AdonisBlue - 10 Jul 2020 20:56:43 (#13 of 98)

I had sky high cholesterol that is not changed by diet. As do 50% of those with high cholesterol.

The first statins they put me on, atorvastatin, brought it down from 7 to under 5 and improved the lipid ratio but caused severe muscle cramps. So I did some research, a lot of research.

Basically lipophilic statins like atorvastatin are very effective but accumulate within the fats in your muscles until they cause cramps and wasting. It's amazing how little the consultant knew about this. He was just of the attitude - you just have to live with the side effects. Do not accept this you don't have to.

I discharged myself from the hospital consultant and worked with my wonderful GP. Google statin lipophilicity and side effects, look for a comparative chart showing the relative lipophilicity of statins. Try the ones with low lipophilicity.

You will probably have to go through a a few (which means a lot of blood tests) until you find one that lowers your cholesterol to targets and has no side effects. I tried atorvastatin, simvastatin, fluvastatin with no luck. Then finally I tried rosuvastatin and bang, zero side effects and cholesterol below 5 with great ratios. My GP couldnt believe it.

It takes time but do your own research and be prepared to try lots. Those with side effects are those who dare not question their consultants or GPs.

yumyum - 10 Jul 2020 20:58:57 (#14 of 98)

I might read out some of your post to him actually.

AdonisBlue - 10 Jul 2020 21:02:55 (#15 of 98)

Please do. It took me years of fighting consultants, research and blood tests and it's nice to know I can help others.

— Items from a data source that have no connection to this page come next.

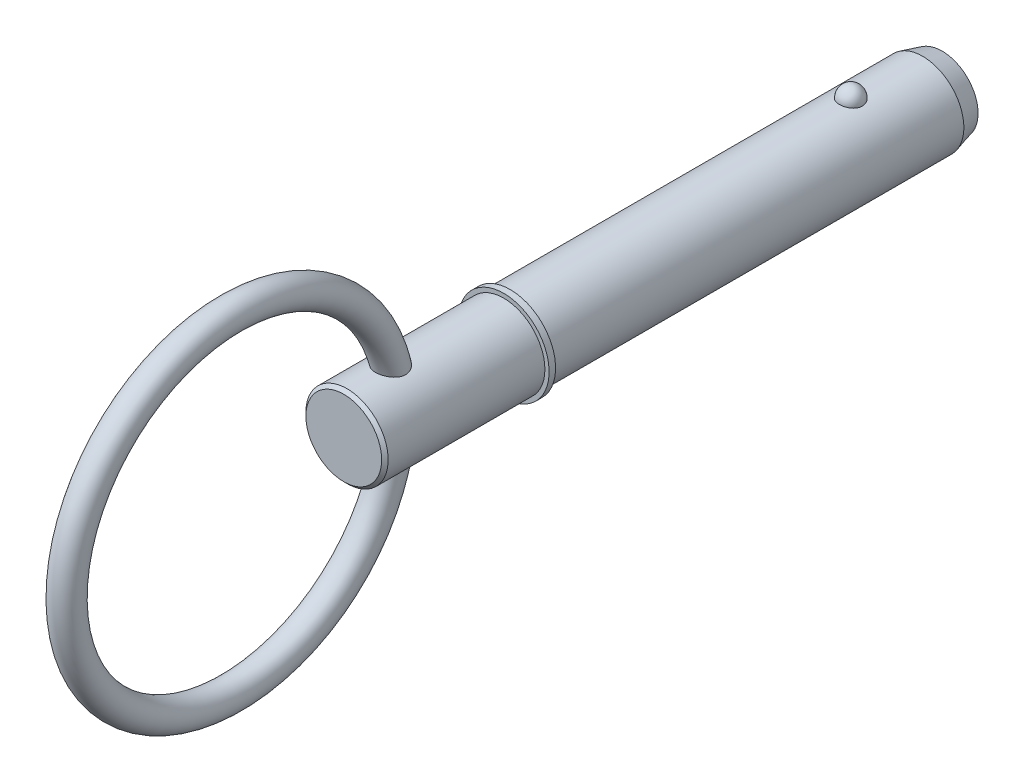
ISO-10303-21;
HEADER;
FILE_DESCRIPTION(('STEP AP214'),'2;1');
FILE_NAME('part.step','',(''),(''),'','','');
FILE_SCHEMA(('AUTOMOTIVE_DESIGN { 1 0 10303 214 1 1 1 1 }'));
ENDSEC;
DATA;
#1=APPLICATION_CONTEXT('core data for automotive mechanical design processes');
#2=APPLICATION_PROTOCOL_DEFINITION('international standard','automotive_design',2000,#1);
#3=PRODUCT_CONTEXT('',#1,'mechanical');
#4=PRODUCT('Part','Part','',(#3));
#5=PRODUCT_RELATED_PRODUCT_CATEGORY('part','',(#4));
#6=PRODUCT_DEFINITION_FORMATION('','',#4);
#7=PRODUCT_DEFINITION_CONTEXT('part definition',#1,'design');
#8=PRODUCT_DEFINITION('design','',#6,#7);
#9=PRODUCT_DEFINITION_SHAPE('','',#8);
#10=(LENGTH_UNIT() NAMED_UNIT(*) SI_UNIT(.MILLI.,.METRE.));
#11=(NAMED_UNIT(*) PLANE_ANGLE_UNIT() SI_UNIT($,.RADIAN.));
#12=(NAMED_UNIT(*) SI_UNIT($,.STERADIAN.) SOLID_ANGLE_UNIT());
#13=UNCERTAINTY_MEASURE_WITH_UNIT(LENGTH_MEASURE(1.E-05),#10,'distance_accuracy_value','');
#14=(GEOMETRIC_REPRESENTATION_CONTEXT(3) GLOBAL_UNCERTAINTY_ASSIGNED_CONTEXT((#13)) GLOBAL_UNIT_ASSIGNED_CONTEXT((#10,
#11,#12)) REPRESENTATION_CONTEXT('',''));
#15=CARTESIAN_POINT('',(0.,0.,0.));
#16=DIRECTION('',(0.,0.,1.));
#17=DIRECTION('',(1.,0.,0.));
#18=AXIS2_PLACEMENT_3D('',#15,#16,#17);
#19=CARTESIAN_POINT('',(0.,0.,50.8));
#20=DIRECTION('',(0.,0.,-1.));
#21=DIRECTION('',(-1.,0.,0.));
#22=AXIS2_PLACEMENT_3D('',#19,#20,#21);
#23=CYLINDRICAL_SURFACE('',#22,6.35);
#24=CARTESIAN_POINT('',(1.76243001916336,6.10051968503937,-1.78));
#25=CARTESIAN_POINT('',(1.76242835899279,6.10052111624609,-1.68050311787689));
#26=CARTESIAN_POINT('',(1.75431593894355,6.1028816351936,-1.58098521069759));
#27=CARTESIAN_POINT('',(1.72206027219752,6.11206037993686,-1.38476972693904));
#28=CARTESIAN_POINT('',(1.69791106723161,6.11888026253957,-1.28807321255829));
#29=CARTESIAN_POINT('',(1.63419596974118,6.13620287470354,-1.10029899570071));
#30=CARTESIAN_POINT('',(1.59463684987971,6.14670398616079,-1.00921884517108));
#31=CARTESIAN_POINT('',(1.50108569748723,6.17021534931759,-0.835161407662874));
#32=CARTESIAN_POINT('',(1.44709398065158,6.18322554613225,-0.752183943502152));
#33=CARTESIAN_POINT('',(1.3257243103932,6.21038081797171,-0.596209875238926));
#34=CARTESIAN_POINT('',(1.2582815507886,6.22453118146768,-0.523264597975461));
#35=CARTESIAN_POINT('',(1.11191624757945,6.25233390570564,-0.389855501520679));
#36=CARTESIAN_POINT('',(1.03299369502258,6.26598626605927,-0.329391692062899));
#37=CARTESIAN_POINT('',(0.866022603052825,6.29123226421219,-0.222793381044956));
#38=CARTESIAN_POINT('',(0.778000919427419,6.30283170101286,-0.176618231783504));
#39=CARTESIAN_POINT('',(0.59510847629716,6.32272058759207,-0.0996905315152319));
#40=CARTESIAN_POINT('',(0.500238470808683,6.33101040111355,-0.0689362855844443));
#41=CARTESIAN_POINT('',(0.308164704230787,6.34323464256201,-0.0241595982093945));
#42=CARTESIAN_POINT('',(0.211033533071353,6.34724467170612,-0.00984637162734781));
#43=CARTESIAN_POINT('',(0.0156629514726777,6.3507318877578,0.00262058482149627));
#44=CARTESIAN_POINT('',(-0.0825763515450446,6.35020951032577,0.000775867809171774));
#45=CARTESIAN_POINT('',(-0.275890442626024,6.34473055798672,-0.018872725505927));
#46=CARTESIAN_POINT('',(-0.370990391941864,6.3398374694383,-0.0364481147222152));
#47=CARTESIAN_POINT('',(-0.556805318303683,6.32622723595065,-0.0867447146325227));
#48=CARTESIAN_POINT('',(-0.647520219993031,6.31751002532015,-0.119466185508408));
#49=CARTESIAN_POINT('',(-0.822606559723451,6.29711353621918,-0.199386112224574));
#50=CARTESIAN_POINT('',(-0.906938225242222,6.28541739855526,-0.246667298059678));
#51=CARTESIAN_POINT('',(-1.06646479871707,6.26032612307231,-0.354365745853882));
#52=CARTESIAN_POINT('',(-1.14165877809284,6.24693081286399,-0.414784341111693));
#53=CARTESIAN_POINT('',(-1.2823514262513,6.21959142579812,-0.548435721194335));
#54=CARTESIAN_POINT('',(-1.34763761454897,6.2056417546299,-0.621891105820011));
#55=CARTESIAN_POINT('',(-1.4651153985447,6.17896241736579,-0.778815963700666));
#56=CARTESIAN_POINT('',(-1.51730606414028,6.16623283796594,-0.862286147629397));
#57=CARTESIAN_POINT('',(-1.60782211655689,6.14325839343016,-1.0379915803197));
#58=CARTESIAN_POINT('',(-1.64598111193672,6.13304379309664,-1.13031660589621));
#59=CARTESIAN_POINT('',(-1.70661885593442,6.11644899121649,-1.32030667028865));
#60=CARTESIAN_POINT('',(-1.72909805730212,6.11006867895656,-1.41797155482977));
#61=CARTESIAN_POINT('',(-1.75775019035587,6.1018881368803,-1.61543246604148));
#62=CARTESIAN_POINT('',(-1.76399136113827,6.10006874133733,-1.71521779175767));
#63=CARTESIAN_POINT('',(-1.76020715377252,6.10116172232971,-1.91445126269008));
#64=CARTESIAN_POINT('',(-1.75018221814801,6.10407397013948,-2.01389941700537));
#65=CARTESIAN_POINT('',(-1.71421005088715,6.11427232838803,-2.20912106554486));
#66=CARTESIAN_POINT('',(-1.68834262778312,6.12153651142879,-2.30491043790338));
#67=CARTESIAN_POINT('',(-1.62139543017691,6.1396067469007,-2.49066180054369));
#68=CARTESIAN_POINT('',(-1.5803150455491,6.15041294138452,-2.58062355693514));
#69=CARTESIAN_POINT('',(-1.48369112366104,6.17443456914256,-2.75271428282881));
#70=CARTESIAN_POINT('',(-1.42806998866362,6.18766281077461,-2.83479789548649));
#71=CARTESIAN_POINT('',(-1.30386620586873,6.21501934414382,-2.98832532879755));
#72=CARTESIAN_POINT('',(-1.23528306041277,6.22914767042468,-3.05976874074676));
#73=CARTESIAN_POINT('',(-1.08663999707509,6.25679135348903,-3.19029656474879));
#74=CARTESIAN_POINT('',(-1.00653826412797,6.27030422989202,-3.24933392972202));
#75=CARTESIAN_POINT('',(-0.837212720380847,6.29514770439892,-3.35304657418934));
#76=CARTESIAN_POINT('',(-0.747989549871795,6.30647845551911,-3.39772286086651));
#77=CARTESIAN_POINT('',(-0.564098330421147,6.32556124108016,-3.47096393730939));
#78=CARTESIAN_POINT('',(-0.469512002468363,6.33335611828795,-3.49972259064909));
#79=CARTESIAN_POINT('',(-0.27663389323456,6.34470628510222,-3.54113722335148));
#80=CARTESIAN_POINT('',(-0.17834256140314,6.34826208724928,-3.55379514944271));
#81=CARTESIAN_POINT('',(0.0171660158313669,6.35071525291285,-3.56255473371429));
#82=CARTESIAN_POINT('',(0.114368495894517,6.34969931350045,-3.55896450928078));
#83=CARTESIAN_POINT('',(0.306746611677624,6.34331695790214,-3.53603383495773));
#84=CARTESIAN_POINT('',(0.401922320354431,6.33795069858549,-3.51669395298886));
#85=CARTESIAN_POINT('',(0.587203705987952,6.32347219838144,-3.4629173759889));
#86=CARTESIAN_POINT('',(0.677327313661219,6.31437430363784,-3.42853846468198));
#87=CARTESIAN_POINT('',(0.850462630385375,6.29339543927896,-3.34564128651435));
#88=CARTESIAN_POINT('',(0.933473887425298,6.2815142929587,-3.29712212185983));
#89=CARTESIAN_POINT('',(1.09144542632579,6.25601750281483,-3.18638742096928));
#90=CARTESIAN_POINT('',(1.16626195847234,6.24237795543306,-3.12397237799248));
#91=CARTESIAN_POINT('',(1.304448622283,6.21497285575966,-2.98755865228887));
#92=CARTESIAN_POINT('',(1.36781676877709,6.20120728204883,-2.91355796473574));
#93=CARTESIAN_POINT('',(1.48252779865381,6.17479923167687,-2.75456133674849));
#94=CARTESIAN_POINT('',(1.53364167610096,6.16218052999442,-2.66939613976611));
#95=CARTESIAN_POINT('',(1.62109397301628,6.13975602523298,-2.49147502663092));
#96=CARTESIAN_POINT('',(1.657437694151,6.12994921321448,-2.39872184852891));
#97=CARTESIAN_POINT('',(1.71127844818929,6.11512175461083,-2.21887622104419));
#98=CARTESIAN_POINT('',(1.73042646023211,6.10968903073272,-2.13230770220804));
#99=CARTESIAN_POINT('',(1.75600284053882,6.10238739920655,-1.95716498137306));
#100=CARTESIAN_POINT('',(1.76243149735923,6.10051841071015,-1.86859082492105));
#101=CARTESIAN_POINT('',(1.76243001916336,6.10051968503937,-1.78));
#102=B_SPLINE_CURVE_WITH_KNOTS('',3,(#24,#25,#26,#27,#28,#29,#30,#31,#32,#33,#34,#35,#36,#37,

Don't assume rosuvastatin will work for him, but definitely keep trying new types. I have a brilliant GP who respects me and just let me get on with it. He would ask which statin I'd like him to prescribe and then sign then prescription.

I have hypercholesterolaemia, which is the type of high cholesterol you inherit and is completely unrelated to diet or exercise.

yumyum - 10 Jul 2020 21:04:43 (#16 of 98)

He let me try a few different BP meds with me going back fortnight after fortnight asking for something else. I’m fine on Lisinopril, even though lots of others are not happy taking it.

slicey - 10 Jul 2020 21:09:26 (#17 of 98)

The muscle pain and fatigue is a well known side effect. Generally known as rhabdomyolosis.

Rhabdomyolosis is a serious, but very rare, side effect of statins. It's a medical emergency and generally requires immediate hospitalisation and treatment with intravenous fluids.

At least that's what I was told by my GP when he prescribed them and later by my endocrinologist when I talked to her about my muscle spasms (which turned out to be neurological).

AdonisBlue - 10 Jul 2020 21:10:08 (#18 of 98)

What angered me most about the consultant was he basically said you either take the atorvastatin and tolerate the severe muscle cramps or you have a stroke/heart attack. He wouldn't even consider trying different ones as atorvastatin is the most potent.

Discharging myself was the best thing I did. But I'm incredibly lucky to have a GP who respects me.

slicey - 10 Jul 2020 21:17:28 (#19 of 98)

That’s appalling. My GP basically said try this one if doesn’t agree with you we can try another one.

AdonisBlue - 10 Jul 2020 21:21:24 (#20 of 98)

The consultant was blinkered and target led. So he wanted to get my cholesterol below 4.5 to tick a performance target box. There's no box for side effects so they don't matter. It's a highly rated cardio unit too, but it made me wonder what highly rated means and how it's achieved.